I did the same thing a long time ago for English vocabulary scores per
country:

[http://testyourvocab.com/blog/2011-09-10-Results-by-
country](http://testyourvocab.com/blog/2011-09-10-Results-by-country)

------
izietto
> You know 1,980 out of the top 10,000 items. This means you know more than
> 13% of Americans aged 18

I'm pretty happy about that, given that:

1\. I'm italian

2\. I don't have a good memory at all

3\. Many items were out of my area of interests (wrestlers, superhero
movies...)

------
detcader
Site is down but crossword puzzles also do this... I used to do the LA Times
one as it seemed proximal to the NY Times, but free to play.

------
bumbledraven
> Good job! You know 2,100 out of the top 10,000 items.

> This means you know more than 13% of Americans aged 18+:

I was born and raised in the USA, but I grew up without a television, 5 miles
up a dirt road in a house built by my parents with hand tools. Kerosene lamps,
outhouse, generator, etc.

------
shrikant
Mine crashed just before showing the results, but reloading worked.

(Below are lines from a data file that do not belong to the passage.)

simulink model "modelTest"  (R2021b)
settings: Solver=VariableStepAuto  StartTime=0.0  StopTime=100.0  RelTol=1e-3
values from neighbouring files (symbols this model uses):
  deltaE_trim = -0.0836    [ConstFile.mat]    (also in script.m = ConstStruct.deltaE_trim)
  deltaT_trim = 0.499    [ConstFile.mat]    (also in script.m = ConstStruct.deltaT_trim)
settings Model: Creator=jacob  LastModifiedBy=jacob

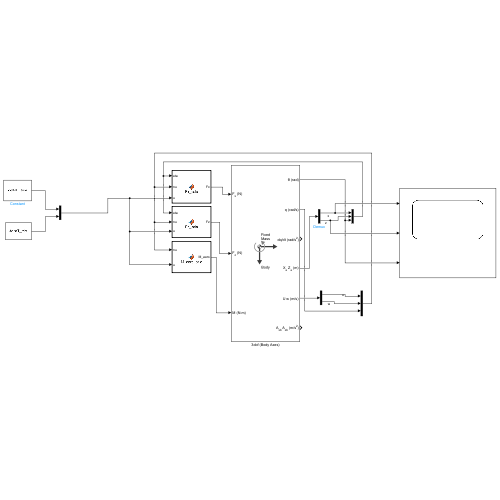
[thumbnail: Simulink's stored preview of the top-level diagram]
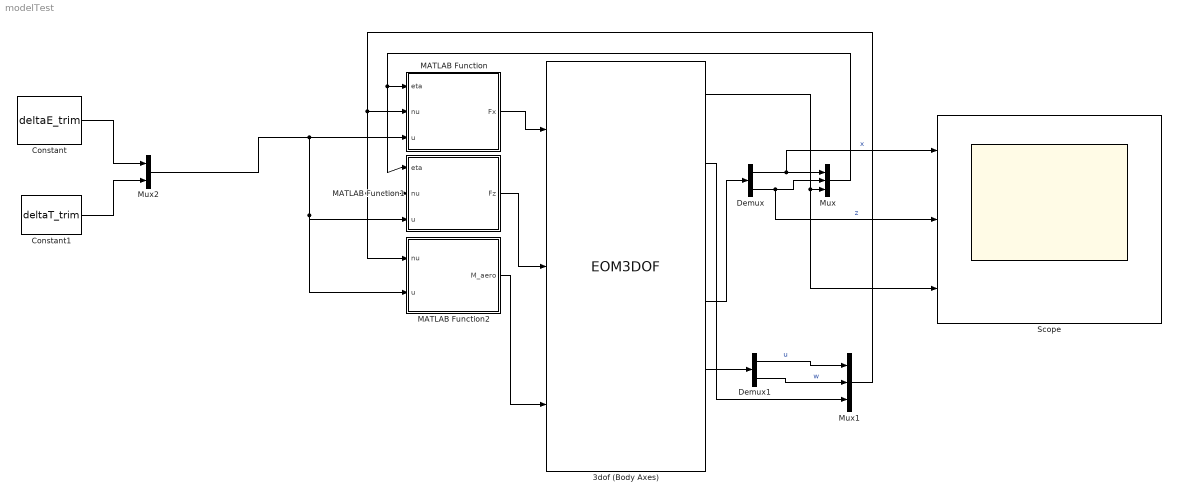
== system modelTest ==
  3dof (Body Axes) : EOM3DOF  v_ini=Va_trim  theta_ini=theta_trim  mass=m  Iyy=Jy
  Constant : Constant  Value=deltaE_trim
  Constant1 : Constant  Value=deltaT_trim
  Demux : Demux  Outputs=2
  Demux1 : Demux  Outputs=2
  MATLAB Function : MATLAB Function  TreatAsAtomicUnit=on
  MATLAB Function1 : MATLAB Function  TreatAsAtomicUnit=on
  MATLAB Function2 : MATLAB Function  TreatAsAtomicUnit=on
  Mux : Mux  Inputs=3
  Mux1 : Mux  Inputs=3
  Mux2 : Mux  Inputs=2
  Scope : Scope  NumInputPorts=3
  wires:
  MATLAB Function/1(Fx) -> 3dof (Body Axes)/1
  MATLAB Function1/1(Fz) -> 3dof (Body Axes)/2
  MATLAB Function2/1(M_aero) -> 3dof (Body Axes)/3
  3dof (Body Axes)/4 -> Demux/1
  Demux/1 -> Scope/1, Mux/1  "x"
  Demux/2 -> Scope/2, Mux/2  "z"
  3dof (Body Axes)/1 -> Scope/3, Mux/3
  Mux/1 -> MATLAB Function1/1(eta), MATLAB Function/1(eta)
  3dof (Body Axes)/5 -> Demux1/1
  Demux1/1 -> Mux1/1  "u"
  Demux1/2 -> Mux1/2  "w"
  3dof (Body Axes)/2 -> Mux1/3
  Mux1/1 -> MATLAB Function2/1(nu), MATLAB Function1/2(nu), MATLAB Function/2(nu)
  Constant/1 -> Mux2/1
  Constant1/1 -> Mux2/2
  Mux2/1 -> MATLAB Function2/2(u), MATLAB Function1/3(u), MATLAB Function/3(u)

== matlab function modelTest/MATLAB Function ==
  data: eta input; nu input; u input; Fx output
function Fx = Fx_calc(eta,nu,u)
h = 0.0001; %timestep
iterations = 1000000;

% ship parameters
m = 25;          % mass (kg)
Jy = 2.135;         % pitch moment of inertia (kg m^3)
xg = 0;              % CG x-ccordinate (m)

% Aero parameters
rho = 1.2682; %air density
alpha_0 = 0.4712; %rad
M = 50; %blending factor in aero coefficient calculation taken from beard&McLain appendix E

CL0 = 0.23; % Coefficient of lift at 0 pitch taken from beard&McLain appendix E
CL_alpha = -0.98;%5.61; %Derivative of CL wrt. alpha taken from beard&McLain appendix E
CL_q = 0;%7.95; %Derivative of CL wrt. q taken from beard&McLain appendix E
CL_deltaE = -0.36;%0.13; %Derivative of CL wrt. deltaE taken from beard&McLain appendix E

CD0 = 0.043; % Coefficient of drag
CD_alpha = 0.03; %Derivative of CD wrt. alpha taken from beard&McLain appendix E
CD_q = 0; %Derivative of CD wrt. q taken from beard&McLain appendix E
CD_deltaE = 0;%0.0135; %Derivative of CD wrt. deltaE taken from beard&McLain appendix E
CD_p = 0;

CM0 = 0.0135; % Aero moment coefficient
CM_alpha = -2.74; %0.38 %Derivative of CM wrt. alpha taken from beard&McLain appendix E
CM_q = -38.21; %Derivative of CM wrt. q taken from beard&McLain appendix E
CM_deltaE = -0.99; %Derivative of CM wrt. deltaE taken from beard&McLain appendix E

S = 0.55;  %Wing area taken from beard&McLain appendix E
c = 0.18994;  %moment arm for wing taken from beard&McLain appendix E
b = 2.8956;%wingspan taken from beard&McLain appendix E
e = 0.9;
g = 9.81;

S_prop = 0.2027;%taken from beard&McLain appendix E
C_prop = 1; %just tuning here?
k_motor = 80; %taken from beard&McLain appendix E

deltaE_trim = -0.0836;
deltaT_trim = 0.4990;
u_trim = 38.1551; %using Va = 40 and gamma = 0 in trim
w_trim = 1.8510;
theta_trim = 0.0485;
Va_trim = 38.2;
gamma_trim = 0;
alpha_trim = 0.0485;
q_trim = 0;

Va = sqrt(nu(1)*nu(1)+ nu(2)*nu(2));
theta = eta(3);
q = nu(3);
alpha = atan2(nu(2),nu(1));%angle of attack

% CONTROL


deltaT = u(1);
deltaE = u(2);

R_inertial_to_body = [cos(theta), -sin(theta);
    sin(theta), cos(theta)]; %Rotation matrix from body to inertial



R_stab_to_body = [cos(alpha),-sin(alpha);
    sin(alpha), cos(alpha)]; %rotation from stability to body

%Compute gravity
FG = R_inertial_to_body*[0; m*9.81];

Fx_G = 0;%FG(1);
Fz_G = 0;%FG(2);

%Compute propeller thrust
Fx_thrust=0.5*rho*S_prop*C_prop*((k_motor*deltaT)*(k_motor*deltaT)-Va*Va);


[CL_ofAlpha, CD_ofAlpha] = computeAeroCoeffs(alpha, alpha_0, M, S, b, e, CL0, CD_p);


CL = CL_ofAlpha + CL_q * 0.5*c*q/Va + CL_deltaE*deltaE;
CD = CD_ofAlpha + CD_q * 0.5*c*q/Va + CD_deltaE*deltaE;

F_lift = 0.5*rho*Va*Va*S*CL;
F_drag = 0.5*rho*Va*Va*S*CD;

CM = CM0 + CM_alpha * alpha + CM_deltaE*deltaE + CM_q*0.5*c*q/Va;
M_aero = 0.5*rho*Va*Va*S*c*CM;


F_aero = R_stab_to_body * [-F_drag;-F_lift]; %Transform to body frame

Fx_aero = F_aero(1);
Fz_aero = F_aero(2);

fx = Fx_G - Fx_aero + Fx_thrust;
fz = -Fz_G - Fz_aero;


CRB = nu(3)*[0, -1, 0;
    1, 0, 0;
    0, 0, 0];

F = [fx/m; fz/m; M_aero/Jy];


Fx = fx;

end

== matlab function modelTest/MATLAB Function2 ==
  data: nu input; u input; M_aero output
function M_aero = M_aero_calc(nu,u)

% Aero parameters
rho = 1.2682; %air density
CM0 = 0.0135; % Aero moment coefficient
CM_alpha = -2.74; %0.38 %Derivative of CM wrt. alpha taken from beard&McLain appendix E
CM_q = -38.21; %Derivative of CM wrt. q taken from beard&McLain appendix E
CM_deltaE = -0.99; %Derivative of CM wrt. deltaE taken from beard&McLain appendix E
S = 0.55;  %Wing area taken from beard&McLain appendix E
c = 0.18994;  %moment arm for wing taken from beard&McLain appendix E

%-------------%
Va = sqrt(nu(1)*nu(1)+ nu(2)*nu(2));
q = nu(3);
alpha = atan2(nu(2),nu(1));%angle of attack

% CONTROL

deltaE = u(2);

CM = CM0 + CM_alpha * alpha + CM_deltaE*deltaE + CM_q*0.5*c*q/Va;
M_aero = 0.5*rho*Va*Va*S*c*CM;


end

== matlab function modelTest/MATLAB Function1 ==
  data: eta input; nu input; u input; Fz output
function Fz = Fz_calc(eta,nu,u)
h = 0.0001; %timestep
iterations = 1000000;

% ship parameters
m = 25;          % mass (kg)
Jy = 2.135;         % pitch moment of inertia (kg m^3)
xg = 0;              % CG x-ccordinate (m)

% Aero parameters
rho = 1.2682; %air density
alpha_0 = 0.4712; %rad
M = 50; %blending factor in aero coefficient calculation taken from beard&McLain appendix E

CL0 = 0.23; % Coefficient of lift at 0 pitch taken from beard&McLain appendix E
CL_alpha = -0.98;%5.61; %Derivative of CL wrt. alpha taken from beard&McLain appendix E
CL_q = 0;%7.95; %Derivative of CL wrt. q taken from beard&McLain appendix E
CL_deltaE = -0.36;%0.13; %Derivative of CL wrt. deltaE taken from beard&McLain appendix E

CD0 = 0.043; % Coefficient of drag
CD_alpha = 0.03; %Derivative of CD wrt. alpha taken from beard&McLain appendix E
CD_q = 0; %Derivative of CD wrt. q taken from beard&McLain appendix E
CD_deltaE = 0;%0.0135; %Derivative of CD wrt. deltaE taken from beard&McLain appendix E
CD_p = 0;

CM0 = 0.0135; % Aero moment coefficient
CM_alpha = -2.74; %0.38 %Derivative of CM wrt. alpha taken from beard&McLain appendix E
CM_q = -38.21; %Derivative of CM wrt. q taken from beard&McLain appendix E
CM_deltaE = -0.99; %Derivative of CM wrt. deltaE taken from beard&McLain appendix E

S = 0.55;  %Wing area taken from beard&McLain appendix E
c = 0.18994;  %moment arm for wing taken from beard&McLain appendix E
b = 2.8956;%wingspan taken from beard&McLain appendix E
e = 0.9;
g = 9.81;

S_prop = 0.2027;%taken from beard&McLain appendix E
C_prop = 1; %just tuning here?
k_motor = 80; %taken from beard&McLain appendix E

deltaE_trim = -0.0836;
deltaT_trim = 0.4990;
u_trim = 38.1551; %using Va = 40 and gamma = 0 in trim
w_trim = 1.8510;
theta_trim = 0.0485;
Va_trim = 38.2;
gamma_trim = 0;
alpha_trim = 0.0485;
q_trim = 0;

Va = sqrt(nu(1)*nu(1)+ nu(2)*nu(2));
theta = eta(3);
q = nu(3);
alpha = atan2(nu(2),nu(1));%angle of attack

% CONTROL


deltaT = u(1);
deltaE = u(2);

R_inertial_to_body = [cos(theta), -sin(theta);
    sin(theta), cos(theta)]; %Rotation matrix from body to inertial



R_stab_to_body = [cos(alpha),-sin(alpha);
    sin(alpha), cos(alpha)]; %rotation from stability to body

%Compute gravity
FG = R_inertial_to_body*[0; m*9.81];

Fx_G = 0;%FG(1);
Fz_G = 0;%FG(2);

%Compute propeller thrust
Fx_thrust=0.5*rho*S_prop*C_prop*((k_motor*deltaT)*(k_motor*deltaT)-Va*Va);


[CL_ofAlpha, CD_ofAlpha] = computeAeroCoeffs(alpha, alpha_0, M, S, b, e, CL0, CD_p);


CL = CL_ofAlpha + CL_q * 0.5*c*q/Va + CL_deltaE*deltaE;
CD = CD_ofAlpha + CD_q * 0.5*c*q/Va + CD_deltaE*deltaE;

F_lift = 0.5*rho*Va*Va*S*CL;
F_drag = 0.5*rho*Va*Va*S*CD;

CM = CM0 + CM_alpha * alpha + CM_deltaE*deltaE + CM_q*0.5*c*q/Va;
M_aero = 0.5*rho*Va*Va*S*c*CM;


F_aero = R_stab_to_body * [-F_drag;-F_lift]; %Transform to body frame

Fx_aero = F_aero(1);
Fz_aero = F_aero(2);

fx = Fx_G - Fx_aero + Fx_thrust;
fz = -Fz_G - Fz_aero;


CRB = nu(3)*[0, -1, 0;
    1, 0, 0;
    0, 0, 0];

F = [fx/m; fz/m; M_aero/Jy];


Fz = fz;

end

> Amazing knowledge! You know 7,200 out of the top 10,000 items. > This means
> you know more than 98% of Americans aged 18+

I guess it helped that I'm Indian and could get some of the Bollywood stuff
off the bat!

------
natch
\- I detest sports and don't follow sports people

\- Very not interested in celebrities

\- When I see movies, I enjoy the movie, but don't ever bother to learn the
names of the actors/actresses

\- Not that into music, especially rap

\- Not into TV, never owned one

Got a very low score :D

It would be interesting to see this kind of test with, shall we say, less
superficial topics. Maybe more politics, current events, history, geography,
technology, law, business, etc. So about general knowledge instead of about
what is being called culture here.

------
joenot443
Mine worked fine - I received a score of 58%. Somewhat surprising, I felt as
if I was doing very well! Cool tool OP, hope you get the errors sorted out.

------
Joe8Bit
Got a consistent 'Something went wrong, please reload' between step 3 and 4.
Reloading didn't help.

------
vkdelta
Site is dead

Internal error Sorry, but something went wrong with our code. Retrying may or
may not fix it. (19284)

------
celestialjeu
48% I'm happy with that cause I'm pretty bad at actor names and such. There
were a few that when I hovered over the tooltip I was like 'Oooooh yeah, I
know that person' but I only clicked the checkbox if I knew without double
checking.

------
protomyth
Interesting although I would bet cash that the anonymous part is total bull
given the request for zip code. I'm not sure how I should feel about the 89%.
I don't have cable, so I only watch some podcasts and TV when I visit the
relatives.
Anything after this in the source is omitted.